Importance Of Dietary Fiber

Dietary Fiber And Its Natural Benefits

Although fiber is not a nutrient in the usual sense, we need fiber in our diet to maintain a good health. Fiber can only be found in foods of plant origin and it cannot be broken down by the human digestive tract. Its main function is to help maintain a healthy digestive tract. Fiber collects waste and large amounts of water as it passes through the digestive tract and thus makes elimination quicker and easier. About 30 to 35 g of fiber are recommended everyday.


There are two types of fiber:

Water soluble fiber which is found in fruits, vegetables, oats, oat bran, barley, dried beans and peas helps in blood cholesterol and blood sugar regulation.


Water insoluble fiber which is found in skins of fruits and vegetables, whole wheat products and seeds increases the rate at which food passes through the digestive tract.

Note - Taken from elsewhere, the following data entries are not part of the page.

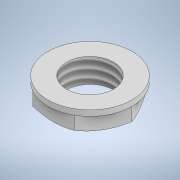
# Autodesk Inventor part: Cable Gland Lock Nut RS 822-9791
Saved by Autodesk Inventor 2021 (Build 250183000, 183)
## iProperties
Created: 2020-07-23
Part Number: Cable Gland Lock Nut RS 822-9791
Material: Generic
Document SubType Name: Modeling
Designer: jgray
Density: 1 g/cm^3
Appearance: Default
Author: jgray
Autodesk Inventor part; units mm, degrees
ref_plane "YZ Plane" through (0, 0, 0) normal (1, 0, 0) x (0, 1, 0)
ref_plane "XZ Plane" through (0, 0, 0) normal (0, 1, 0) x (-1, 0, 0)
ref_plane "XY Plane" through (0, 0, 0) normal (0, 0, 1) x (1, 0, 0)
sketch "Sketch1" plane through (0, 0, 0) normal (0, 1, 0) x (-1, 0, 0)
  line L0 (9.0067, 0) -> (4.5033, -7.8)
  line L1 (4.5033, -7.8) -> (-4.5033, -7.8)
  line L2 (-4.5033, -7.8) -> (-9.0067, 0)
  line L3 (-9.0067, 0) -> (-4.5033, 7.8)
  line L4 (-4.5033, 7.8) -> (4.5033, 7.8)
  line L5 (4.5033, 7.8) -> (9.0067, 0)
  point P0 (0, 0)
  point P1 (0, 0)
  dimension "d0" = 15.6
  constraints: 12 end point, 1 coincident, 13 other
  measures "d0" distance between parallel lines of L1 L4
extrude "Extrusion1" add sketch "Sketch1" along normal blind 4
sketch "Sketch2" plane through (0, 4, 0) normal (0, 1, 0) x (1, 0, 0)
  line L0 (-4.5033, -7.8) -> (4.5033, -7.8) projected
  line L1 (4.5033, -7.8) -> (9.0067, 0) projected
  line L2 (9.0067, 0) -> (4.5033, 7.8) projected
  line L3 (4.5033, 7.8) -> (-4.5033, 7.8) projected
  line L4 (-4.5033, 7.8) -> (-9.0067, 0) projected
  line L5 (-9.0067, 0) -> (-4.5033, -7.8) projected
  circle A0 centre (0, 0) radius 9.0067
  constraints: 1 centre point, 1 coincident
extrude "Extrusion2" add sketch "Sketch2" along normal blind 1.2
sketch "Sketch3" plane through (0, 0, 0) normal (1, 0, 0) x (0, 1, 0)
  line L0 (-4, 0.0705) -> (1.2, 9.0772)
  line L1 (-4, 0.0705) -> (6.4, 0.0705) construction
  line L2 (1.2, 9.0772) -> (-4, 9.0772)
  line L3 (-4, 9.0772) -> (-4, 0.0705)
  line L4 (0, 13.9781) -> (0, -14.7276)
  line L5 (13.4115, 0) -> (-11.0286, 0)
  point P0 (0, 0)
  dimension "d5" = 60
  dimension "d6" = 5.2
  dimension "d7" = 4
  constraints: 12 end point, 3 horizontal, 2 point on line, 1 equal length, 1 perpendicular, 1 vertical
  measures "d5" angle of L1 L0
  measures "d6" distance of L2.end L0.end
  measures "d7" distance between parallel lines of L3 L4
revolve "Revolution1" cut sketch "Sketch3" angle 360 about axis through (0, 13.4115, 0) along (0, -1, 0)
sketch "Sketch4" plane through (0, 5.2, 0) normal (0, 1, 0) x (1, 0, 0)
  point P0 (0, 0)
  point P1 (0, 0)
  constraints: 1 coincident
hole "Hole1" at (0, 5.2, 0) direction (0, -1, 0) diameter 10.106 end through all thread size "M12x1.75" class "6H" standard "ISO Metric profile"
body "Solid1"
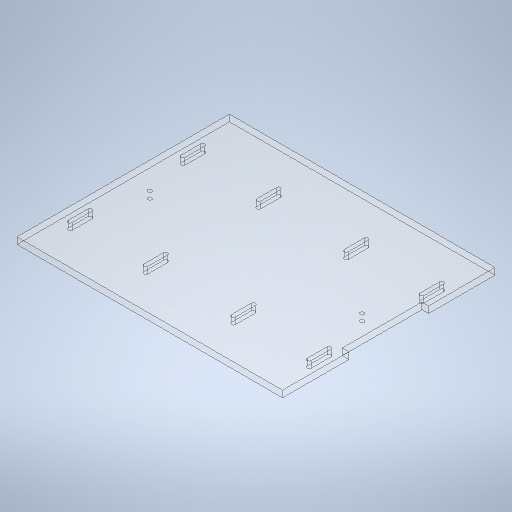
# Autodesk Inventor part: base_2
Saved by Autodesk Inventor 2025.3 (Build 293356030, 356C)
## iProperties
Created: 2026-06-26
Part Number: base_2
Material: Acrylic
Document SubType Name: Modeling
Designer: user
Density: 1.188 g/cm^3
Appearance: Transparent - Clear
Author: user
Autodesk Inventor part; units mm, degrees
ref_plane "YZ Plane" through (0, 0, 0) normal (1, 0, 0) x (0, 1, 0)
ref_plane "XZ Plane" through (0, 0, 0) normal (0, 1, 0) x (-1, 0, 0)
ref_plane "XY Plane" through (0, 0, 0) normal (0, 0, 1) x (1, 0, 0)
sketch "Sketch1" plane through (0, 0, 0) normal (0, 1, 0) x (-1, 0, 0)
  line L0 (0, 0) -> (-200, 0)
  line L1 (-200, 0) -> (-200, -160)
  line L2 (-200, -160) -> (0, -160)
  line L3 (85, -80) -> (-200, -80) construction
  line L4 (-100, 0) -> (-100, -160) construction
  line L5 (-38.5, 0) -> (-38.5, -160) construction
  line L6 (-123, 0) -> (-123, -160) construction
  line L7 (-10, -130) -> (-10, -115) construction
  line L8 (-10, -130) -> (-10, -115) construction
  line L9 (-8.5, -130) -> (-8.5, -115)
  line L10 (-11.5, -115) -> (-11.5, -130)
  arc A0 (-11.5, -130) -> (-8.5, -130) centre (-10, -130) ccw
  arc A1 (-8.5, -115) -> (-11.5, -115) centre (-10, -115) ccw
  line L11 (-67, -130) -> (-67, -115) construction
  line L12 (-67, -130) -> (-67, -115) construction
  line L13 (-68.5, -130) -> (-68.5, -115)
  line L14 (-65.5, -115) -> (-65.5, -130)
  arc A2 (-68.5, -130) -> (-65.5, -130) centre (-67, -130) ccw
  arc A3 (-65.5, -115) -> (-68.5, -115) centre (-67, -115) ccw
  line L15 (-120, -160) -> (-80, -160)
  line L16 (-80, -160) -> (-80, -155)
  line L17 (-80, -155) -> (-120, -155)
  line L18 (-120, -155) -> (-120, -160)
  line L19 (-190, -130) -> (-190, -115) construction
  line L20 (-190, -130) -> (-190, -115) construction
  line L21 (-191.5, -130) -> (-191.5, -115)
  line L22 (-188.5, -115) -> (-188.5, -130)
  arc A4 (-191.5, -130) -> (-188.5, -130) centre (-190, -130) ccw
  arc A5 (-188.5, -115) -> (-191.5, -115) centre (-190, -115) ccw
  line L23 (-134.5, -115) -> (-134.5, -130)
  line L24 (-133, -130) -> (-133, -115) construction
  line L25 (-131.5, -130) -> (-131.5, -115)
  arc A6 (-134.5, -130) -> (-131.5, -130) centre (-133, -130) ccw
  line L26 (-133, -130) -> (-133, -115) construction
  arc A7 (-131.5, -115) -> (-134.5, -115) centre (-133, -115) ccw
  line L27 (-100, -160) -> (-100, 0) construction
  line L28 (-10, -30) -> (-10, -45) construction
  line L29 (-10, -30) -> (-10, -45) construction
  line L30 (-8.5, -30) -> (-8.5, -45)
  line L31 (-11.5, -45) -> (-11.5, -30)
  arc A8 (-8.5, -30) -> (-11.5, -30) centre (-10, -30) ccw
  arc A9 (-11.5, -45) -> (-8.5, -45) centre (-10, -45) ccw
  line L32 (-65.5, -45) -> (-65.5, -30)
  line L33 (-67, -30) -> (-67, -45) construction
  line L34 (-68.5, -30) -> (-68.5, -45)
  arc A10 (-65.5, -30) -> (-68.5, -30) centre (-67, -30) ccw
  line L35 (-67, -30) -> (-67, -45) construction
  arc A11 (-68.5, -45) -> (-65.5, -45) centre (-67, -45) ccw
  line L36 (-120, 0) -> (-80, 0)
  line L37 (-80, 0) -> (-80, -5)
  line L38 (-80, -5) -> (-120, -5)
  line L39 (-120, -5) -> (-120, 0)
  arc A12 (-188.5, -30) -> (-191.5, -30) centre (-190, -30) ccw
  line L40 (-188.5, -45) -> (-188.5, -30)
  line L41 (-190, -30) -> (-190, -45) construction
  line L42 (-190, -30) -> (-190, -45) construction
  arc A13 (-191.5, -45) -> (-188.5, -45) centre (-190, -45) ccw
  line L43 (-191.5, -30) -> (-191.5, -45)
  line L44 (-134.5, -45) -> (-134.5, -30)
  line L45 (-133, -30) -> (-133, -45) construction
  line L46 (-133, -30) -> (-133, -45) construction
  arc A14 (-134.5, -45) -> (-131.5, -45) centre (-133, -45) ccw
  line L47 (-131.5, -30) -> (-131.5, -45)
  arc A15 (-131.5, -30) -> (-134.5, -30) centre (-133, -30) ccw
  line L48 (-200, -12.5) -> (-200, -62.5)
  line L49 (-200, -62.5) -> (-200, -110)
  line L50 (-200, -110) -> (-195, -110)
  line L51 (-195, -110) -> (-195, -50)
  line L52 (-195, -50) -> (-200, -50)
  line L53 (-200, -50) -> (-200, -12.5)
  line L54 (0, -160) -> (0, 0)
  point P0 (-10, -122.5)
  point P1 (-67, -122.5)
  point P2 (-190, -122.5)
  point P3 (-133, -122.5)
  point P4 (-10, -37.5)
  point P5 (-67, -37.5)
  point P6 (-190, -37.5)
  point P7 (-133, -37.5)
  point P8 (-67, -122.5)
  point P9 (-10, -122.5)
  point P10 (-120, -160)
  point P11 (-80, -160)
  point P12 (-80, 0)
  point P13 (-120, 0)
  point P14 (-190, -122.5)
  dimension "d2" = 15
  dimension "d4" = 30
  dimension "d6" = 1.5
  dimension "d9" = 40
  dimension "d13" = 0
  dimension "d14" = 5
  dimension "d16" = 20
  dimension "d22" = 5
  dimension "d26" = 30
  dimension "d27" = 30
  dimension "d28" = 0
  dimension "d30" = 160
  dimension "d32" = 57
  dimension "d56" = 10
  dimension "d57" = 200
  constraints: 126 end point, 55 symmetric about line, 32 point on circle, 16 centre point, 7 midpoint, 5 equal length, 5 perpendicular, 5 point on line, 4 tangent, 2 horizontal, 1 vertical, 14 other
  measures "d2" distance of L7.start L7.end
  measures "d4" distance from line of L2 L7.start
  measures "d6" radius of A0
  measures "d9" distance of L17.end L16.end
  measures "d13" distance between parallel lines of L2 L15
  measures "d14" distance between parallel lines of L17 L15
  measures "d16" distance between parallel lines of L4 L18
  measures "d22" distance between parallel lines of L49 L51
  measures "d26" distance between parallel lines of L3 L52
  measures "d27" distance between parallel lines of L3 L50
  measures "d28" distance between parallel lines of L1 L48
  measures "d30" distance between parallel lines of L0 L2
  measures "d32" distance of point (-67, -122.5) point (-10, -122.5)
  measures "d56" distance from line of L1 point (-190, -122.5)
  measures "d57" distance between parallel lines of L1 L54
extrude "Extrusion1" add sketch "Sketch1" along normal blind 5 contours L54 L2 L16 L17 L18 L1 L50 L51 L52 L0 L39 L38 L37 | L37 L38 L39 L0 | L2 L18 L17 L16
sketch "Sketch4" plane through (0, 5, 0) normal (0, 1, 0) x (1, 0, 0)
  line L0 (0, 0) -> (200, 0) projected
  line L1 (0, 160) -> (0, 0) projected
  point P0 (20, 80)
  dimension "d76" = 80
  dimension "d77" = 20
  measures "d76" distance from line of L0 point (20, 80)
  measures "d77" distance from line of L1 point (20, 80)
hole "Hole3" at (20, 5, -80) direction (0, -1, 0) diameter 3 end through all
sketch "Sketch5" plane through (0, 5, 0) normal (0, 1, 0) x (1, 0, 0)
  line L0 (195, 50) -> (195, 110) projected
  point P0 (0, 0)
  point P1 (180, 80)
  dimension "d85" = 15
  dimension "d86" = 30
  measures "d85" distance from line of L0 point (180, 80)
  measures "d86" vertical distance of point (180, 80) L0.end
hole "Hole4" at (180, 5, -80) direction (0, -1, 0) diameter 3 end through all
body "Solid1"
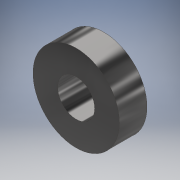
# Autodesk Inventor part: FR6ZZ Bearing_smart
Saved by Autodesk Inventor 2018 (Build 220112000, 112)
## iProperties
Created: 2015-01-19
Part Number: FR6ZZ Bearing_smart
Material: Stainless Steel
Document SubType Name: Modeling
Designer: TODD D MILLER
Mass: 19.1771 g
Surface Area: 14.9924 cm^2
Volume: 2.39714 cm^3
Density: 8 g/cm^3
Appearance: Steel - Polished
Catalog Web Link: http://www.andymark.com/product-p/am-0516.htm
Description: 3/8 in. id bearing, shielded (R6ZZ) (am-0516)
Vendor: AndyMark
Stock Number: am-0516
Author: TODD D MILLER
Autodesk Inventor part; units mm, degrees
ref_plane "YZ Plane" through (0, 0, 0) normal (1, 0, 0) x (0, 1, 0)
ref_plane "XZ Plane" through (0, 0, 0) normal (0, 1, 0) x (-1, 0, 0)
ref_plane "XY Plane" through (0, 0, 0) normal (0, 0, 1) x (1, 0, 0)
sketch "Sketch1" plane through (0, 0, 0) normal (0, 0, 1) x (1, 0, 0)
  circle A0 centre (0, 0) radius 11.1125
  dimension "d1" = 22.225
  constraints: 1 centre point, 1 coincident
  measures "d1" diameter of A0
extrude "Extrusion1" add sketch "Sketch1" against normal blind 7.112
hole "Hole1" at (0, 0, 0) direction (0, 0, -1) diameter 9.525 end through all
body "Solid2"

Soluble fibers (pectin, guns, mucilage) found in fruits and some grains dissolve in water to form a gel. This gel slows the rate at which food leaves the stomach and the rate at which it moves through the intestines.  Soluble fibers also help control blood cholesterol and sugar levels, the latter useful for people with diabetes.


Insoluble fiber (cellulose, hemicelluloses, lignin) which is found in all plants and cereal foods do not dissolve in water. They tend to absorb water and increase bulk, hence speed up the rate at which food passes through the digestive tract. They make the contents of the bowel bulkier and softer and therefore easier to pass. This helps to prevent constipation and other diseases of  the colon.


Eat at least four servings of whole grain breads and cereals, four servings of vegetables and four servings of fruits everyday to make sure we get the benefits of all the different types of fiber.